Le rickettsiosi sono causate da una vasta gamma di batteri intracellulari obbligati che appartengono al genere Rickettsia (famiglia Rickettsiaceae, ordine Rickettsiales). Il genere Rickettsia è classificato in quattro gruppi principali basati sulle caratteristiche filogenetiche1,2: il gruppo della febbre maculata (SFG), che contiene quelle rickettsiae che causano le rickettsiosi trasmesse dalle zecche più gravi e fatali (ad esempio, Rickettsia rickettsii, l’agente eziologico della febbre maculata delle Montagne Rocciose), il gruppo tifo (TG, ad esempio, Rickettsia prowazekii, l’agente del tifo epidemico), il gruppo di transizione (TRG, ad esempio, Rickettsia felis, l’agente eziologico della febbre maculata trasmessa dalle pulci) e il gruppo ancestrale (AG, ad esempio, Rickettsia bellii).
Tra le più antiche malattie trasmesse da vettori conosciute, le rickettsiosi sono acquisite principalmente in seguito alla trasmissione dei patogeni attraverso i morsi di vettori di artropodi infetti, tra cui zecche, pulci, pidocchi e acari 3,4. Sebbene la scoperta di antibiotici efficaci abbia migliorato i risultati del trattamento, le rickettsiosi epidemiche emergenti e riemergenti continuano a sfidare le tradizionali strategie di prevenzione e controllo. Pertanto, una comprensione completa delle interazioni rickettsia / ospite / vettore stabilirebbe in definitiva una solida base per lo sviluppo di nuovi approcci per prevenire e curare queste antiche malattie.
In natura, il trasferimento genico orizzontale (HGT) nei batteri avviene attraverso la coniugazione, la trasduzione e la trasformazione5. La trasformazione batterica in vitro utilizza questi concetti di HGT, sebbene la natura intracellulare delle rickettsiae presenti alcune sfide. Le condizioni di crescita limitate e i sistemi di coniugazione e trasduzione poco conosciuti in diverse specie di rickettsiae hanno impedito l’applicazione di metodi di coniugazione e trasduzione nelle rickettsiae 6,7,8. Rispetto ad altri generi batterici intracellulari obbligati (ad esempio, Chlamydia, Coxiella, Anaplasma ed Ehrlichia), il genere Rickettsia differisce per quanto riguarda le strategie di crescita e replicazione all’interno del citoplasma cellulare, che impone sfide specifiche alla modificazione genetica delle rickettsiae a causa delle loro caratteristiche uniche dello stile di vita9.

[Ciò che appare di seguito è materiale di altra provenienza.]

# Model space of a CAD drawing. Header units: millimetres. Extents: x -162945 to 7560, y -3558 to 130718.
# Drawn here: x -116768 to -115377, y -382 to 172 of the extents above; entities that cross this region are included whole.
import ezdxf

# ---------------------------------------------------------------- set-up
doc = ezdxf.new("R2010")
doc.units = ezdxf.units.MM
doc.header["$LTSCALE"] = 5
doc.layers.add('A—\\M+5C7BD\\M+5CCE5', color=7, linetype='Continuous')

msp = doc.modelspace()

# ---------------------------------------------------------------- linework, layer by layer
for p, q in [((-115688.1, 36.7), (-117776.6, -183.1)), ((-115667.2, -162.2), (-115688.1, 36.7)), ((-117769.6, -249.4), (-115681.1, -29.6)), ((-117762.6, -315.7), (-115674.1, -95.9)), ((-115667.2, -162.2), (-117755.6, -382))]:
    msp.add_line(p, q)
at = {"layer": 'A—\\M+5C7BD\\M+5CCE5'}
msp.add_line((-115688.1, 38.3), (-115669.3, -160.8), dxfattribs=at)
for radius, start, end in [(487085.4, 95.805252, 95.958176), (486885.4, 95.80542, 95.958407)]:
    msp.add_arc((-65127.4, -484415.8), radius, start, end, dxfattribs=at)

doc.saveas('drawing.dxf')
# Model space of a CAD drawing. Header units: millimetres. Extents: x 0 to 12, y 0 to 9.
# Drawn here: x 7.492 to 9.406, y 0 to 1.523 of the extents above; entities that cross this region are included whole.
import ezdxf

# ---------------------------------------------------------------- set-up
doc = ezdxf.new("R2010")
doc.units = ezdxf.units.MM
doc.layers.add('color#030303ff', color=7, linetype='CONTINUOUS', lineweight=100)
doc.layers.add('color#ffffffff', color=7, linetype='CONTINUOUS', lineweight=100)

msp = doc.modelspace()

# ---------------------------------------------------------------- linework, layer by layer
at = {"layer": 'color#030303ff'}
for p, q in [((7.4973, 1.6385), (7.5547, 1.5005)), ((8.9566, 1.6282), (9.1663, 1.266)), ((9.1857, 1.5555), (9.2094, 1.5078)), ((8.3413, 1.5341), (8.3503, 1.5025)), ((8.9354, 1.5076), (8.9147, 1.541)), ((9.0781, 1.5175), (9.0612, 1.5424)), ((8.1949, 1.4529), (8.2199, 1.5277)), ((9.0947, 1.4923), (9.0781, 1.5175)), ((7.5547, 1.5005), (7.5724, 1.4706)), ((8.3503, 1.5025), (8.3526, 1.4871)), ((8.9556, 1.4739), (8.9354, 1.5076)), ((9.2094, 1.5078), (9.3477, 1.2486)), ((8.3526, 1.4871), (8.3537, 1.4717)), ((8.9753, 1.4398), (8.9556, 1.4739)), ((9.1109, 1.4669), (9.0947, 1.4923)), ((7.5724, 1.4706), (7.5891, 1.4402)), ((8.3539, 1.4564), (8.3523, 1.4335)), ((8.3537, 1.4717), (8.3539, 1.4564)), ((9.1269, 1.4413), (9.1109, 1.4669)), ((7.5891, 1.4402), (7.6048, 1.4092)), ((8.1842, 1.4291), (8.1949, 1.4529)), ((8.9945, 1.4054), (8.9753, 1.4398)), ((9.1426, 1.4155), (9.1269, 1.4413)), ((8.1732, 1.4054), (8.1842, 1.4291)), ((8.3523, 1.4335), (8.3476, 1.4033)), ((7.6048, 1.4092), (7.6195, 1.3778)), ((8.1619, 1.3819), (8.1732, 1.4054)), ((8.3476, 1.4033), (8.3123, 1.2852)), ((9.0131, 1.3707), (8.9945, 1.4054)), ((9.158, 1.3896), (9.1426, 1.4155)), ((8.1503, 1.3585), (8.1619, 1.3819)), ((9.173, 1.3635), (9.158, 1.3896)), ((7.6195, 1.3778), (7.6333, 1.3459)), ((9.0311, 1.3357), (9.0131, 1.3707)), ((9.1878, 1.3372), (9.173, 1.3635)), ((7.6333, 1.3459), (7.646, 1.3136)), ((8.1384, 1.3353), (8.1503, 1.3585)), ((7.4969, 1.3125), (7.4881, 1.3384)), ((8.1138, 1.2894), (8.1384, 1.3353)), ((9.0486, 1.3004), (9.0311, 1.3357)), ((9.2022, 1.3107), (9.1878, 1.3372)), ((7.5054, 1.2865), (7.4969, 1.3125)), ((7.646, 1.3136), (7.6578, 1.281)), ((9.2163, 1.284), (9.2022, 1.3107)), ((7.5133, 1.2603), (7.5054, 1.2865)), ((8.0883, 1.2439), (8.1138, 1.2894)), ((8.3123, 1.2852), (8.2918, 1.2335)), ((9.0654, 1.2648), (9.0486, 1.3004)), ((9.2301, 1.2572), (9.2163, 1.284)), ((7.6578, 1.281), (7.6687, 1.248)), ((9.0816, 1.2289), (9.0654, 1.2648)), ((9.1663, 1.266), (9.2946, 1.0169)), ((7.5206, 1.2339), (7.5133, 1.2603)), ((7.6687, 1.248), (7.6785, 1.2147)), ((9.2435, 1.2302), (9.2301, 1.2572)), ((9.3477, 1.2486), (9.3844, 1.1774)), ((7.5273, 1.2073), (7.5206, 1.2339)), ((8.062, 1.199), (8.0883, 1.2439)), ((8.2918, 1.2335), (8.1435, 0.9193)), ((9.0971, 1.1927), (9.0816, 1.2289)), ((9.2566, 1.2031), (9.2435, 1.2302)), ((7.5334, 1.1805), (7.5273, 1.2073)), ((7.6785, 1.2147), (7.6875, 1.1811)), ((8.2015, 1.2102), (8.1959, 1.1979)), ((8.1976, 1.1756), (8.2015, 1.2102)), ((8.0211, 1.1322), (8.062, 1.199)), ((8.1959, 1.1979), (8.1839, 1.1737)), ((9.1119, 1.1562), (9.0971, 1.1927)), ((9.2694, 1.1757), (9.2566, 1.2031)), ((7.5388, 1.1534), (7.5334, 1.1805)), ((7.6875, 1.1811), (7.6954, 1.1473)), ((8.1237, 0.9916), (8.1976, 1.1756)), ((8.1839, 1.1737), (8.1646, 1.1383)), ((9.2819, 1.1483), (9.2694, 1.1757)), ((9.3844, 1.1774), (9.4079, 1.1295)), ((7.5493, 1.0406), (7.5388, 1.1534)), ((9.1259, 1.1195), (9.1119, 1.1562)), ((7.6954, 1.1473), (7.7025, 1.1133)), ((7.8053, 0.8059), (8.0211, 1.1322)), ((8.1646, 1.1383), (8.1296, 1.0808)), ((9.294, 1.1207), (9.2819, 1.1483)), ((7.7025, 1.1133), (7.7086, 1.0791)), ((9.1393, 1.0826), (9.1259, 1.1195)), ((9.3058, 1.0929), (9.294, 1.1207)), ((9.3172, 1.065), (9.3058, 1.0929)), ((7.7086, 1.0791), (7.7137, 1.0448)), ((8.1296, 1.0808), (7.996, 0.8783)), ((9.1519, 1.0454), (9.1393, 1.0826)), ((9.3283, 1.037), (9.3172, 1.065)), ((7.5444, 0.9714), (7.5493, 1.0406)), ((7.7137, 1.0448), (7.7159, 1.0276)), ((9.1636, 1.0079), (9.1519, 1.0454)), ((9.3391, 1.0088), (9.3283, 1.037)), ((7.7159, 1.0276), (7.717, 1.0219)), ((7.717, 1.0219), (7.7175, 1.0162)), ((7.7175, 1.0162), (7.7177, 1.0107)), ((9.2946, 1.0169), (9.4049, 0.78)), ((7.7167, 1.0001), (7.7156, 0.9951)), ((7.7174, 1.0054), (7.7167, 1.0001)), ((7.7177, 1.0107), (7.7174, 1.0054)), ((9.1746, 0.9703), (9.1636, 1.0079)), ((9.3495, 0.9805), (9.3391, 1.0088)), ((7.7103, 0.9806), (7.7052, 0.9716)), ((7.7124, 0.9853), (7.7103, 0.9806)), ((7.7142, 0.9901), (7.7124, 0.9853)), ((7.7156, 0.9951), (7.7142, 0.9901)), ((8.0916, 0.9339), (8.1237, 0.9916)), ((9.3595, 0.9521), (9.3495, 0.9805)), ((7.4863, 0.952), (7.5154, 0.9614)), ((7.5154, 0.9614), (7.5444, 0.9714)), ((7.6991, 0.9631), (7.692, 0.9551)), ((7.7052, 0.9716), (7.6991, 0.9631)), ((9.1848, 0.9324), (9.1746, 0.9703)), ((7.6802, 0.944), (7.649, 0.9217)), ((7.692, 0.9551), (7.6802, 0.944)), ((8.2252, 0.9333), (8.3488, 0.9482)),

L’ostacolo iniziale da superare quando si tenta la modificazione genetica delle rickettsiae è quello di ottenere una trasformazione di successo. Pertanto, progettare un approccio fattibile con un’elevata efficienza di trasformazione sarebbe estremamente prezioso per lo sviluppo di strumenti genetici per le rickettsiae. Qui, ci concentriamo sull’elettroporazione, un metodo di trasformazione ampiamente riconosciuto che è stato utilizzato per introdurre con successo il DNA esogeno in diverse specie di rickettsiae, tra cui Rickettsia prowazekii, Rickettsia typhi, Rickettsia conorii, Rickettsia parkeri, Rickettsia montanensis, Rickettsia bellii, Rickettsia peacockii e Rickettsia buchneri10,11,12 ,13,14,15,16.
Questo articolo descrive una procedura per l’elettroporazione del ceppo di R. parkeri Tate’s Hell (accession: GCA_000965145.1) con il vettore shuttle pRAM18dSFA derivato dal plasmide Rickettsia amblyommatis AaR/SC pRAM18 progettato per codificare mKATE, una proteina fluorescente di colore rosso lontano, e aadA, conferendo resistenza alla spectinomicina e alla streptomicina13,15,20. R. parkeri trasformato sono vitali e stabilmente mantenuti sotto selezione antibiotica in linee cellulari di zecche. Inoltre, dimostriamo che la localizzazione di R. parkeri trasformato in cellule di zecche vive tramite microscopia confocale può essere utilizzata per valutare la qualità dei tassi di trasformazione in linee cellulari vettoriali.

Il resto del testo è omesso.